--- START ---

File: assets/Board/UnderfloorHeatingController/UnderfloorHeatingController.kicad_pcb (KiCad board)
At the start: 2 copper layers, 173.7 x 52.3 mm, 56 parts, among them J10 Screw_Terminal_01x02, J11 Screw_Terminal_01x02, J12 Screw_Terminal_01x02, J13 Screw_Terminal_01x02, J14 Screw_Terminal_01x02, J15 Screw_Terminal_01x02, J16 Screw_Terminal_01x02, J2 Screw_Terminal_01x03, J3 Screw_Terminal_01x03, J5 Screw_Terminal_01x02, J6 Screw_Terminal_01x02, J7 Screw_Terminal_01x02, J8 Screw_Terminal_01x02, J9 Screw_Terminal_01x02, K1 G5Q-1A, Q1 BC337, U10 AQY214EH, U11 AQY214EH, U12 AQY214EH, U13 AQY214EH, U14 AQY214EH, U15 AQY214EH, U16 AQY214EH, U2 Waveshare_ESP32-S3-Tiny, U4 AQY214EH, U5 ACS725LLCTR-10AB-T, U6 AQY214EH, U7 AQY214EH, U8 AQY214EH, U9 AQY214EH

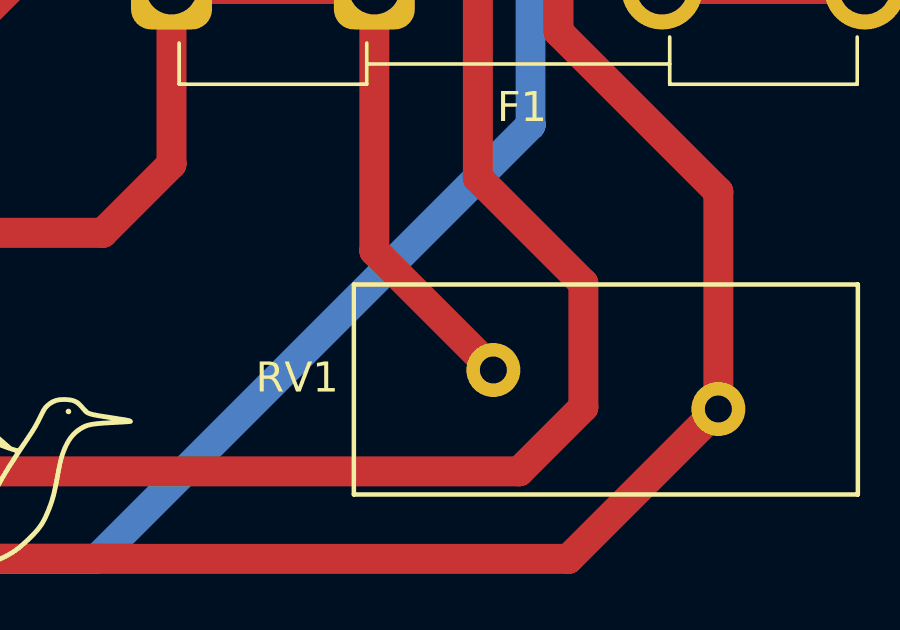
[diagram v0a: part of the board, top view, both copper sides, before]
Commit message: Migrated to the MDM server.
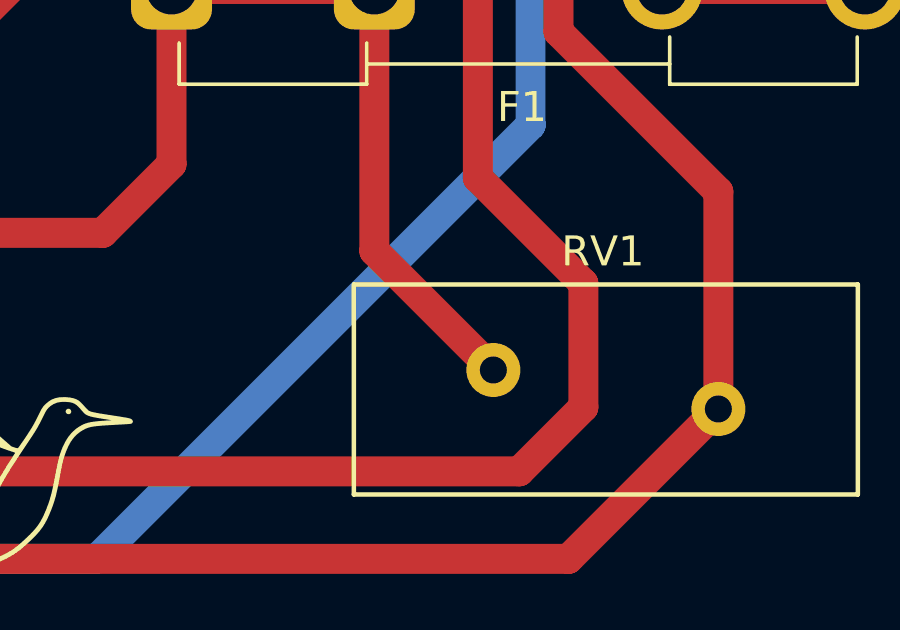
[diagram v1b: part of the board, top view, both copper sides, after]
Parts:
- C4: value 1nF -> 0.1µF
- R10, R11, R12, R13, R14, R15, R16, R5, R6, R7, R8, R9: value 2K -> 470
- RV1: footprint Custom Footprints:RV_Disc_D16.5mm_W6.7mm_P7.5mm with courtyard -> Varistor:RV_Disc_D16.5mm_W6.7mm_P7.5mm
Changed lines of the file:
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@@
 			)
 		)
-		(property "Value" "2K"
+		(property "Value" "470"
 			(at 0 1.65 0)
 			(layer "F.Fab")
@@
 		)
 	)
-	(footprint "Custom Footprints:RV_Disc_D16.5mm_W6.7mm_P7.5mm with courtyard"
+	(footprint "Varistor:RV_Disc_D16.5mm_W6.7mm_P7.5mm"
 		(layer "F.Cu")
 		(at 204.5335 108.204)
@@
 		(tags "varistor SIOV")
 		(property "Reference" "RV1"
-			(at -6.5405 0.254 0)
+			(at 3.65 -3.95 0)
 			(layer "F.SilkS")
 			(effects
@@
 			(layer "F.SilkS")
 		)
-		(fp_rect
-			(start -10.795 -9.017)
-			(end 18.288 10.287)
-			(stroke
-				(width 0.05)
-				(type solid)
-			)
-			(fill no)
-			(layer "B.CrtYd")
-		)
 		(fp_line
 			(start -4.75 -2.95)
@@
 			(layer "F.CrtYd")
 		)
-		(fp_rect
-			(start -10.795 -9.017)
-			(end 18.288 10.287)
-			(stroke
-				(width 0.05)
-				(type default)
-			)
-			(fill no)
-			(layer "F.CrtYd")
-		)
 		(fp_line
 			(start -4.5 -2.7)
@@
 			)
 		)
-		(property "Value" "2K"
+		(property "Value" "470"
 			(at 0 1.65 0)
 			(layer "F.Fab")
@@
 			)
 		)
-		(property "Value" "2K"
+		(property "Value" "470"
 			(at 0 1.65 0)
 			(layer "F.Fab")
@@
 			)
 		)
-		(property "Value" "2K"
+		(property "Value" "470"
 			(at 0 1.65 0)
 			(layer "F.Fab")
@@
 			)
 		)
-		(property "Value" "2K"
+		(property "Value" "470"
 			(at 0 1.65 0)
 			(layer "F.Fab")
@@
 			)
 		)
-		(property "Value" "2K"
+		(property "Value" "470"
 			(at 0 1.65 0)
 			(layer "F.Fab")
@@
 			)
 		)
-		(property "Value" "2K"
+		(property "Value" "470"
 			(at 0 1.65 0)
 			(layer "F.Fab")
@@
 			)
 		)
-		(property "Value" "2K"
+		(property "Value" "470"
 			(at 0 1.65 0)
 			(layer "F.Fab")
@@
 			)
 		)
-		(property "Value" "2K"
+		(property "Value" "470"
 			(at 0 1.65 0)
 			(layer "F.Fab")
@@
 			)
 		)
-		(property "Value" "2K"
+		(property "Value" "470"
 			(at 0 1.65 0)
 			(layer "F.Fab")
@@
 			)
 		)
-		(property "Value" "1nF"
+		(property "Value" "0.1µF"
 			(at 0 1.68 90)
 			(layer "F.Fab")
@@
 			)
 		)
-		(property "Value" "2K"
+		(property "Value" "470"
 			(at 0 1.65 0)
 			(layer "F.Fab")
@@
 			)
 		)
-		(property "Value" "2K"
+		(property "Value" "470"
 			(at 0 1.65 0)
 			(layer "F.Fab")

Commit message: First version of the redesigned controller.
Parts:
- removed D1: 1N4007, Diode_THT:D_DO-35_SOD27_P7.62mm_Horizontal
- removed J15, J16: Screw_Terminal_01x02, TerminalBlock_Phoenix:TerminalBlock_Phoenix_MKDS-1,5-2-5.08_1x02_P5.08mm_Horizontal
- removed Q1: BC337, Package_TO_SOT_THT:TO-92_Inline
- removed U10, U11, U12, U13, U14, U15, U16, U7, U8, U9: AQY214EH, Package_DIP:DIP-4_W7.62mm
- added C10: 10u, Capacitor_SMD:C_0805_2012Metric_Pad1.18x1.45mm_HandSolder, F.Cu at (72.0, 103.6)
- added C11: 0.01u, Capacitor_SMD:C_0805_2012Metric_Pad1.18x1.45mm_HandSolder, F.Cu at (90.5, 59.2)
- added C12: 2.2u, Capacitor_SMD:C_0805_2012Metric_Pad1.18x1.45mm_HandSolder, F.Cu at (90.5, 62.2)
- added C13: 10u, Capacitor_SMD:C_0805_2012Metric_Pad1.18x1.45mm_HandSolder, F.Cu at (90.5, 65.2)
- added C14: 0.01u, Capacitor_SMD:C_0805_2012Metric_Pad1.18x1.45mm_HandSolder, F.Cu at (39.6, 97.6)
- added C15: 2.2u, Capacitor_SMD:C_0805_2012Metric_Pad1.18x1.45mm_HandSolder, F.Cu at (39.6, 100.6)
- added C16: 2.2u, Capacitor_SMD:C_0805_2012Metric_Pad1.18x1.45mm_HandSolder, F.Cu at (104.4, 94.0)
- added C17: 10u, Capacitor_SMD:C_0805_2012Metric_Pad1.18x1.45mm_HandSolder, F.Cu at (104.4, 97.0)
- added C18: 10u, Capacitor_SMD:C_0805_2012Metric_Pad1.18x1.45mm_HandSolder, F.Cu at (39.6, 103.6)
- added C6: 68n, Capacitor_SMD:C_0805_2012Metric_Pad1.18x1.45mm_HandSolder, F.Cu at (93.8, 122.9)
- added C7: 0.01u, Capacitor_SMD:C_0805_2012Metric_Pad1.18x1.45mm_HandSolder, F.Cu at (104.4, 91.0)
- added C8: 0.01u, Capacitor_SMD:C_0805_2012Metric_Pad1.18x1.45mm_HandSolder, F.Cu at (72.0, 97.6)
- added C9: 2.2u, Capacitor_SMD:C_0805_2012Metric_Pad1.18x1.45mm_HandSolder, F.Cu at (72.0, 100.6)
- added J1: Screw_Terminal_01x02, TerminalBlock_Phoenix:TerminalBlock_Phoenix_MKDS-1,5-2-5.08_1x02_P5.08mm_Horizontal, F.Cu at (19.5, 57.3)
- added J4: Screw_Terminal_01x02, TerminalBlock_Phoenix:TerminalBlock_Phoenix_MKDS-1,5-2-5.08_1x02_P5.08mm_Horizontal, F.Cu at (19.5, 69.5)
- added K2: Relay_SPST_Latching_1coil, Custom Footprints:Relay_SPST_Hongfa_HF3F-L-xx-1HL1T (custom), F.Cu at (53.1, 92.0)
- added K3: Relay_SPST_Latching_1coil, Custom Footprints:Relay_SPST_Hongfa_HF3F-L-xx-1HL1T (custom), F.Cu at (53.1, 109.3)
- added K4: Relay_SPST_Latching_1coil, Custom Footprints:Relay_SPST_Hongfa_HF3F-L-xx-1HL1T (custom), F.Cu at (71.6, 53.6)
- added K5: Relay_SPST_Latching_1coil, Custom Footprints:Relay_SPST_Hongfa_HF3F-L-xx-1HL1T (custom), F.Cu at (71.6, 70.9)
- added K6: Relay_SPST_Latching_1coil, Custom Footprints:Relay_SPST_Hongfa_HF3F-L-xx-1HL1T (custom), F.Cu at (20.7, 92.0)
- added K7: Relay_SPST_Latching_1coil, Custom Footprints:Relay_SPST_Hongfa_HF3F-L-xx-1HL1T (custom), F.Cu at (20.7, 109.3)
- added U1: BL0937B, Package_SO:JEITA_SOIC-8_3.9x4.9mm_P1.27mm, F.Cu at (95.6, 127.7)
- added U3: DRV8833PWR, Package_SO:TSSOP-16_4.4x5mm_P0.65mm, F.Cu at (74.4, 92.8)
- C2, C4: value 0.1µF -> 68n
- K1: value G5Q-1A -> Relay_SPST_Latching_1coil; footprint Relay_THT:Relay_SPST_Omron-G5Q-1A -> Custom Footprints:Relay_SPST_Hongfa_HF3F-L-xx-1HL1T (custom)
- R10: value 470 -> 510
- R11: value 470 -> 1m; footprint Resistor_SMD:R_0805_2012Metric_Pad1.20x1.40mm_HandSolder -> Resistor_SMD:R_Shunt_Vishay_WSKW0612
- R12, R13, R14, R15: value 470 -> 47k
- R16: value 470 -> 0
- R2: value 560 -> 510
- R3: value 100K -> 510
- R4: value 100 -> 200K; footprint Resistor_SMD:R_0805_2012Metric_Pad1.20x1.40mm_HandSolder -> Resistor_SMD:R_1206_3216Metric_Pad1.30x1.75mm_HandSolder
- R5, R6, R7, R8, R9: value 470 -> 200K; footprint Resistor_SMD:R_0805_2012Metric_Pad1.20x1.40mm_HandSolder -> Resistor_SMD:R_1206_3216Metric_Pad1.30x1.75mm_HandSolder
- U4, U6: value AQY214EH -> DRV8833PWR; footprint Package_DIP:DIP-4_W7.62mm -> Package_SO:TSSOP-16_4.4x5mm_P0.65mm
- U5: value ACS725LLCTR-10AB-T -> DRV8833PWR; footprint Package_SO:SOIC-8_3.9x4.9mm_P1.27mm -> Package_SO:TSSOP-16_4.4x5mm_P0.65mm
- moved U5 100.2 mm to (92.8, 54.4), turned to 0 degrees
- moved R4 90.8 mm to (83.7, 117.0)
- moved C4 84.0 mm to (93.8, 119.9), turned to 0 degrees
- moved C2 83.1 mm to (93.8, 116.8), turned to 0 degrees
- moved R3 82.9 mm to (89.0, 119.8), turned to 0 degrees
- moved R2 80.5 mm to (89.0, 116.8), turned to 0 degrees
- moved J10 71.9 mm to (43.9, 69.5), turned to 0 degrees
- moved K1 68.6 mm to (85.5, 92.0), turned to 0 degrees
- moved R15 65.6 mm to (39.6, 106.6)
- moved F1 63.5 mm to (247.7, 129.2)
- moved RV1 63.1 mm to (251.5, 150.5)
- moved J9 62.3 mm to (43.9, 57.3), turned to 0 degrees
- moved J8 61.8 mm to (31.7, 81.6), turned to 0 degrees
- moved J2 59.0 mm to (266.1, 107.3)
- moved J12 54.5 mm to (56.1, 57.3)
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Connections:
- C2 pad 1: +3V3 -> Net-(U1-IN)
- C4 pad 1: Net-(U5-FILTER) -> GND
- C4 pad 2: GND -> Net-(U1-IP)
- J10 pad 1: /ETA_MATRIX/ETA6/POWER_L_ETA -> /ETA relays/Relay pair - ETA2/POWER_RELAY_B
- J10 pad 2: POWER_N -> POWER_N_MON
- J11 pad 1: /ETA_MATRIX/ETA7/POWER_L_ETA -> /ETA relays/Relay pair - ETA3/POWER_RELAY_A
- J11 pad 2: POWER_N -> POWER_N_MON
- J12 pad 1: /ETA_MATRIX/ETA8/POWER_L_ETA -> /ETA relays/Relay pair - ETA3/POWER_RELAY_A
- J12 pad 2: POWER_N -> POWER_N_MON
- J13 pad 1: /ETA_MATRIX/ETA9/POWER_L_ETA -> /ETA relays/Relay pair - ETA3/POWER_RELAY_A
- J13 pad 2: POWER_N -> POWER_N_MON
- J14 pad 1: /ETA_MATRIX/ETA10/POWER_L_ETA -> /ETA relays/Relay pair - ETA3/POWER_RELAY_B
- J14 pad 2: POWER_N -> POWER_N_MON
- J3 pad 2: POWER_N -> POWER_N_MON
- J5 pad 1: /ETA_MATRIX/ETA1/POWER_L_ETA -> /ETA relays/Relay pair - ETA1/POWER_RELAY_B
- J5 pad 2: POWER_N -> POWER_N_MON
- J6 pad 1: /ETA_MATRIX/ETA2/POWER_L_ETA -> /ETA relays/Relay pair - ETA1/POWER_RELAY_B
- J6 pad 2: POWER_N -> POWER_N_MON
- J7 pad 1: /ETA_MATRIX/ETA3/POWER_L_ETA -> /ETA relays/Relay pair - ETA2/POWER_RELAY_A
- J7 pad 2: POWER_N -> POWER_N_MON
- J8 pad 1: /ETA_MATRIX/ETA4/POWER_L_ETA -> /ETA relays/Relay pair - ETA2/POWER_RELAY_A
- J8 pad 2: POWER_N -> POWER_N_MON
- J9 pad 1: /ETA_MATRIX/ETA5/POWER_L_ETA -> /ETA relays/Relay pair - ETA2/POWER_RELAY_B
- J9 pad 2: POWER_N -> POWER_N_MON
- PS1 pad 1: POWER_L_MON -> POWER_L
- PS1 pad 2: POWER_N -> POWER_N_MON
- R1 pad 1: POWER_L_MON -> POWER_L
- R10 pad 1: Net-(R10-Pad1) -> Net-(U1-VP)
- R10 pad 2: ETA_L6 -> GND
- R11 pad 1: Net-(R11-Pad1) -> POWER_N
- R11 pad 2: ETA_L7 -> POWER_N
- R12 pad 1: Net-(R12-Pad1) -> +5V
- R12 pad 2: ETA_L8 -> Net-(U4-~{SLEEP})
- R13 pad 1: Net-(R13-Pad1) -> +5V
- R13 pad 2: ETA_L9 -> Net-(U3-~{SLEEP})
- R14 pad 1: Net-(R14-Pad1) -> +5V
- R14 pad 2: ETA_L10 -> Net-(U5-~{SLEEP})
- R15 pad 1: Net-(R15-Pad1) -> +5V
- R15 pad 2: ETA_L11 -> Net-(U6-~{SLEEP})
- R16 pad 1: Net-(R16-Pad1) -> POWER_N
- R16 pad 2: ETA_L12 -> GND
- R2 pad 1: Net-(Q1-B) -> POWER_N
- R2 pad 2: MOTOR_CTRL -> Net-(U1-IN)
- R3 pad 1: GND -> POWER_N_MON
- R3 pad 2: Net-(Q1-B) -> Net-(U1-IP)
- R4 pad 1: CURRENT_MON -> POWER_L
- R4 pad 2: Net-(U5-VIOUT) -> Net-(R4-Pad2)
- R5 pad 1: Net-(R5-Pad1) -> Net-(R4-Pad2)
- R5 pad 2: ETA_L1 -> Net-(R5-Pad2)
- R6 pad 1: Net-(R6-Pad1) -> Net-(R5-Pad2)
- R6 pad 2: ETA_L2 -> Net-(R6-Pad2)
- R7 pad 1: Net-(R7-Pad1) -> Net-(R6-Pad2)
- R7 pad 2: ETA_L3 -> Net-(R7-Pad2)
- R8 pad 1: Net-(R8-Pad1) -> Net-(R7-Pad2)
- R8 pad 2: ETA_L4 -> Net-(R8-Pad2)
- R9 pad 1: Net-(R9-Pad1) -> Net-(R8-Pad2)
- R9 pad 2: ETA_L5 -> Net-(U1-VP)
- U2 pad 10: ETA_L2 -> RELAY_ETA1_A_IN1
- U2 pad 11: ETA_L1 -> RELAY_ETA1_A_IN2
- U2 pad 12: ETA_L7 -> RELAY_ETA1_B_IN1
- U2 pad 13: ETA_L8 -> RELAY_ETA1_B_IN2
- U2 pad 14: ETA_L9 -> RELAY_ETA2_A_IN1
- U2 pad 15: ETA_L10 -> RELAY_ETA2_A_IN2
- U2 pad 16: ETA_L11 -> RELAY_ETA2_B_IN1
- U2 pad 17: ETA_L12 -> RELAY_ETA2_B_IN2
- U2 pad 18: unconnected-(U2-15-Pad18) -> RELAY_ETA3_A_IN1
- U2 pad 19: unconnected-(U2-16-Pad19) -> RELAY_ETA3_A_IN2
- U2 pad 20: unconnected-(U2-17-Pad20) -> RELAY_ETA3_B_IN1
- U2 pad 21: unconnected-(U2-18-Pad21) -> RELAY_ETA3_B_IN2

--- END ---

Task to carry out =
To answer, copy each line from the material above that has the word "degrees".

Result of the task =
- moved U5 100.2 mm to (92.8, 54.4), turned to 0 degrees
- moved C4 84.0 mm to (93.8, 119.9), turned to 0 degrees
- moved C2 83.1 mm to (93.8, 116.8), turned to 0 degrees
- moved R3 82.9 mm to (89.0, 119.8), turned to 0 degrees
- moved R2 80.5 mm to (89.0, 116.8), turned to 0 degrees
- moved J10 71.9 mm to (43.9, 69.5), turned to 0 degrees
- moved K1 68.6 mm to (85.5, 92.0), turned to 0 degrees
- moved J9 62.3 mm to (43.9, 57.3), turned to 0 degrees
- moved J8 61.8 mm to (31.7, 81.6), turned to 0 degrees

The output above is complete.